# a few dumpster spots and quick cash jobs in columbus, oh



## matt-tard77 (Aug 17, 2009)

there ain't much good scores walking distance of campus, homebums make too much mess so all the pizza scores lock the dumpsters, but if you or anyone else have access to a car there's 2 trader joes that are amazing scores after 10 (if you get em before someone else, they are columbus hotspots)

there's one inside this mall called easton

there's one in dublin, it's a really rich neighborhood, this one is way better, a lot of times it has a smaller score then the easton one, but this one is also right by a gfs, a krispee kreme, and an einstein bagels that are usually good scores. 


there's also a food not bombs but it's all pretty pc kids with flavorless vegan food....

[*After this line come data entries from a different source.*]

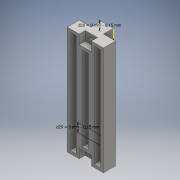
# Autodesk Inventor part: centerbeam
Saved by Autodesk Inventor 2016 (Build 200138000, 138)
## iProperties
Created: 2015-12-02
Part Number: centerbeam
Material: Generic
Document SubType Name: Modeling
Designer: hesaon
Density: 1 g/cm^3
Appearance: Default
Author: hesaon
Autodesk Inventor part; units mm, degrees
ref_plane "YZ Plane" through (0, 0, 0) normal (1, 0, 0) x (0, 1, 0)
ref_plane "XZ Plane" through (0, 0, 0) normal (0, 1, 0) x (-1, 0, 0)
ref_plane "XY Plane" through (0, 0, 0) normal (0, 0, 1) x (1, 0, 0)
sketch "Sketch1" plane through (0, 0, 0) normal (0, 0, 1) x (1, 0, 0)
  line L0 (0, 0) -> (36, 0)
  line L1 (36, 0) -> (36, 12)
  line L2 (36, 12) -> (24, 12)
  line L3 (24, 12) -> (24, 22)
  line L4 (24, 22) -> (12, 22)
  line L5 (12, 22) -> (12, 12)
  line L6 (12, 12) -> (0, 12)
  line L7 (0, 12) -> (0, 0)
  dimension "d0" = 36
  dimension "d1" = 12
  dimension "d2" = 12
  dimension "d3" = 10
  dimension "d4" = 12
  constraints: 16 end point, 6 perpendicular, 2 point on line, 1 horizontal
  measures "d0" distance of L0.start L0.end
  measures "d1" distance of L0.end L1.end
  measures "d2" distance of L1.end L2.end
  measures "d3" distance of L2.end L3.end
  measures "d4" distance of L3.end L4.end
extrude "Extrusion1" add sketch "Sketch1" along normal blind 108
sketch "Sketch2" plane through (0, 0, 0) normal (0, -1, 0) x (1, 0, 0)
  circle A0 centre (18, 4.5) radius 1.725
  line L0 (0, 0) -> (36, 0) projected
  line L1 (36, 0) -> (36, 108) projected
  circle A1 centre (18, 103.5) radius 1.725
  line L2 (0, 108) -> (36, 108) projected
  dimension "d7" = 3.45
  dimension "d8" = 4.5
  dimension "d9" = 18
  dimension "d10" = 3.45
  dimension "d11" = 18
  dimension "d12" = 4.5
  constraints: 2 centre point
  measures "d7" diameter of A0
  measures "d8" distance from line of L0 A0.centre
  measures "d9" distance from line of L1 A0.centre
  measures "d10" diameter of A1
  measures "d11" distance from line of L1 A1.centre
  measures "d12" distance from line of L2 A1.centre
extrude "Extrusion2" cut sketch "Sketch2" against normal blind 20
sketch "Sketch3" plane through (12, 22, 0) normal (0, 1, 0) x (1, 0, 0)
  circle A0 centre (6, -4.5) radius 1.725 projected
  circle A1 centre (6, -4.5) radius 3
  circle A2 centre (6, -103.5) radius 1.725 projected
  circle A3 centre (6, -103.5) radius 3
  point P0 (-12, 0)
  dimension "d15" = 6
  dimension "d16" = 6
  constraints: 2 centre point, 2 coincident
  measures "d15" diameter of A1
  measures "d16" diameter of A3
extrude "Extrusion3" cut sketch "Sketch3" against normal blind 2 contours A0 | A1 | A2 | A3
sketch "Sketch4" plane through (36, 0, 0) normal (1, 0, 0) x (0, 0, -1)
  line L0 (-108, 0) -> (-107.85, 0)
  line L1 (0, 0) -> (-108, 0) projected
  line L2 (-107.85, 0) -> (-107.85, 12)
  line L3 (0, 12) -> (-108, 12) projected
  line L4 (-108, 0) -> (-108, 12) projected
  line L5 (-108, 12) -> (-108, 0)
  line L6 (-108, 22) -> (-107.85, 22)
  line L7 (-107.85, 12) -> (-108, 12)
  line L8 (0, 0) -> (-0.15, 0)
  line L9 (-0.15, 0) -> (-0.15, 12)
  line L10 (-0.15, 12) -> (0, 12)
  line L11 (0, 12) -> (0, 0)
  line L12 (0, 22) -> (-0.15, 22)
  line L13 (-0.15, 12) -> (0, 12)
  dimension "d19" = 0.15
  dimension "d20" = 12
  dimension "d21" = 0.15
  dimension "d22" = 0.15
  constraints: 22 end point, 5 equal length, 3 horizontal, 3 point on line, 2 perpendicular
  measures "d19" distance of L0.start L0.end
  measures "d20" distance of L0.end L2.end
  measures "d21" distance of L3.end L2.end
  measures "d22" distance of L9.end L10.end
extrude "Extrusion4" cut sketch "Sketch4" against normal through all contours L4 L3 L2 L0 | L9 L3 L11 L1
sketch "Sketch5" plane through (24, 22, 108) normal (1, 0, 0) x (0, 0, -1)
  line L0 (108, -10) -> (108, 0) projected
  line L1 (108, 0) -> (0, 0) projected
  line L2 (108, -10) -> (107.85, -10)
  line L3 (107.85, -10) -> (107.85, 0)
  line L4 (107.85, 0) -> (108, 0)
  line L5 (108, 0) -> (108, -10)
  line L6 (0.15, -10) -> (0, -10) projected
  line L7 (0, -10) -> (0, 0) projected
  line L8 (0.15, -10) -> (0, -10)
  line L9 (0, -10) -> (0, 0)
  line L10 (0, 0) -> (0.15, 0)
  line L11 (0.15, 0) -> (0.15, -10)
  point P0 (108, -22)
  dimension "d25" = 0.15
  constraints: 16 end point, 4 parallel, 2 horizontal, 2 perpendicular, 1 point on line
  measures "d25" distance of L3.end L4.end
extrude "Extrusion5" cut sketch "Sketch5" against normal through all
sketch "Sketch6" plane through (12, 22, 0.15) normal (0, 1, 0) x (1, 0, 0)
  line L0 (0, 0) -> (0, -107.7) projected
  line L1 (12, 0) -> (12, -107.7) projected
  line L2 (0, -98.85) -> (12, -98.85)
  line L3 (12, -98.85) -> (12, -8.85)
  line L4 (12, -8.85) -> (0, -8.85)
  line L5 (0, -8.85) -> (0, -98.85)
  point P0 (-12, 0.15)
  dimension "d28" = 8.85
  dimension "d29" = 8.85
  constraints: 8 end point, 2 parallel, 2 point on line, 1 horizontal, 1 perpendicular
  measures "d28" distance of L0.end L2.start
  measures "d29" distance of L0.start L4.end
sketch "Sketch7" plane through (0, 0, 107.85) normal (0, -1, 0) x (1, 0, 0)
  line L0 (0, -107.7) -> (36, -107.7) projected
  line L1 (11.85, -107.7) -> (24.15, -107.7)
  line L2 (24.15, -107.7) -> (24.15, -98.55)
  line L3 (24.15, -98.55) -> (11.85, -98.55)
  line L4 (11.85, -98.55) -> (11.85, -107.7)
  line L5 (0, 0) -> (12, 0) projected
  line L6 (11.85, 0) -> (24.15, 0)
  line L7 (24.15, 0) -> (24.15, -9.15)
  line L8 (24.15, -9.15) -> (11.85, -9.15)
  line L9 (11.85, -9.15) -> (11.85, 0)
  line L10 (36, -107.7) -> (36, 0) projected
  point P0 (0, -107.85)
  dimension "d30" = 11.85
  dimension "d31" = 11.85
  dimension "d32" = 9.15
  dimension "d33" = 11.85
  dimension "d34" = 11.85
  dimension "d35" = 9.15
  constraints: 16 end point, 4 parallel, 2 horizontal, 2 perpendicular, 2 point on line
  measures "d30" distance of L1.start L0.start
  measures "d31" distance of L0.end L1.end
  measures "d32" distance of L2.end L1.end
  measures "d33" distance of L5.start L6.start
  measures "d34" distance from line of L10 L6.end
  measures "d35" distance of L6.end L7.end
extrude "Extrusion6" cut sketch "Sketch7" against normal blind 6
sketch "Sketch8" plane through (36, 0, 0.15) normal (0, -1, 0) x (1, 0, 0)
  line L0 (-21, 95.7) -> (-15, 95.7)
  line L1 (-15, 95.7) -> (-15, 12)
  line L2 (-15, 12) -> (-21, 12)
  line L3 (-21, 12) -> (-21, 95.7)
  line L4 (-11.85, 0) -> (-24.15, 0) projected
  line L5 (0, 107.7) -> (-11.85, 107.7) projected
  line L6 (-24, 0) -> (-24, 107.7) projected
  line L7 (-12, 0) -> (-12, 107.7) projected
  point P0 (-36, -0.15)
  dimension "d38" = 12
  dimension "d39" = 12
  dimension "d40" = 3
  dimension "d41" = 3
  constraints: 8 end point, 2 parallel, 1 horizontal, 1 perpendicular
  measures "d38" distance from line of L4 L1.end
  measures "d39" distance from line of L5 L0.end
  measures "d40" distance between parallel lines of L6 L3
  measures "d41" distance between parallel lines of L1 L7
extrude "Extrusion7" cut sketch "Sketch8" against normal through all
sketch "Sketch9" plane through (24, 12, 107.85) normal (0, 1, 0) x (1, 0, 0)
  line L0 (9, 3) -> (3, 3)
  line L1 (3, 3) -> (3, 104.7)
  line L2 (3, 104.7) -> (9, 104.7)
  line L3 (9, 104.7) -> (9, 3)
  line L4 (-15, 3) -> (-21, 3)
  line L5 (-21, 3) -> (-21, 104.7)
  line L6 (-21, 104.7) -> (-15, 104.7)
  line L7 (-15, 104.7) -> (-15, 3)
  line L8 (12, 0) -> (0.15, 0) projected
  line L9 (12, 107.7) -> (0, 107.7) projected
  line L10 (12, 107.7) -> (12, 0) projected
  line L11 (-24, 107.7) -> (-24, 0) projected
  line L12 (-12, 107.7) -> (-24, 107.7) projected
  line L13 (-24, 0) -> (-12, 0) projected
  line L14 (-12, 107.7) -> (-12, 0) projected
  line L15 (0, 107.7) -> (0, 0) projected
  point P0 (-24, 107.85)
  dimension "d44" = 3
  dimension "d45" = 3
  dimension "d46" = 3
  dimension "d47" = 3
  dimension "d48" = 3
  dimension "d49" = 3
  dimension "d50" = 3
  dimension "d51" = 3
  constraints: 16 end point, 4 parallel, 2 horizontal, 2 perpendicular
  measures "d44" distance between parallel lines of L8 L0
  measures "d45" distance between parallel lines of L9 L2
  measures "d46" distance between parallel lines of L3 L10
  measures "d47" distance between parallel lines of L11 L5
  measures "d48" distance between parallel lines of L12 L6
  measures "d49" distance between parallel lines of L13 L4
  measures "d50" distance between parallel lines of L14 L7
  measures "d51" distance between parallel lines of L15 L1
extrude "Extrusion8" cut sketch "Sketch9" against normal through all contours L0 L1 L2 L3 | L4 L5 L6 L7
body "Solid1"

here are some other good scores for one time only jobs, but it's pretty hard to get them sometimes, you need a car of bike for all of them:

delve: 614-436-2025. delve is a market study place, mostly food, other stuff too. my old roomate tried a bunch of differant kinds of wendys fries for 60 bucks, my buddy tried 7up flavors for 60 bucks, my mother sat around talking about laundry detergent or something for 70 bucks.....I have yet to get on it because it is kind of far away, and usually my market group is filled (it's not hard to find 21 year old white smokers who eat a lot of meat and like pbr).....I almost got on a beer one too...goddamnit...just call and ask if there any studies open

medical study 1: 614-262-6155. I did this one, it's pretty cool, you have to be between 18-24, a former/current pill user, social drug user, you can not have ever done heroin, and you can't seem like an addict, you have to pass a phone screening. but they pay you 80 bucks to sit around and answer questions about when you first did all these types of pills and why, and after that they give you cards and you can refer people, you get paid 15 for every referrel, unless you drive them there (or they think you did), you get 25 for that


med study 2: 614-292-6908. I havn't done these, it's medical studies from the university. usually dealing with pills/painkillers, a lot of them you have to be non smoker, but they all pay very well.....my friend got 500 for popping random pills and letting docters cut him a few times 3 times a week and he rated the pain. there are random times of 500 bucks for eating random pills and getting a lot of money for answering questions for side effects, there was one my friend almost got to do where it was a painkiller you snort....this is usually a sweet deal, they give you pain pills and pay you money. I do pain pills for free (sometimes even pay) all the time!


----------



## bikegeek666 (Sep 14, 2009)

i always had good luck dumpstering pizza in c-bus. i think it's papa john's off of like, 5th and high or something that i used to live near and hit a bunch. 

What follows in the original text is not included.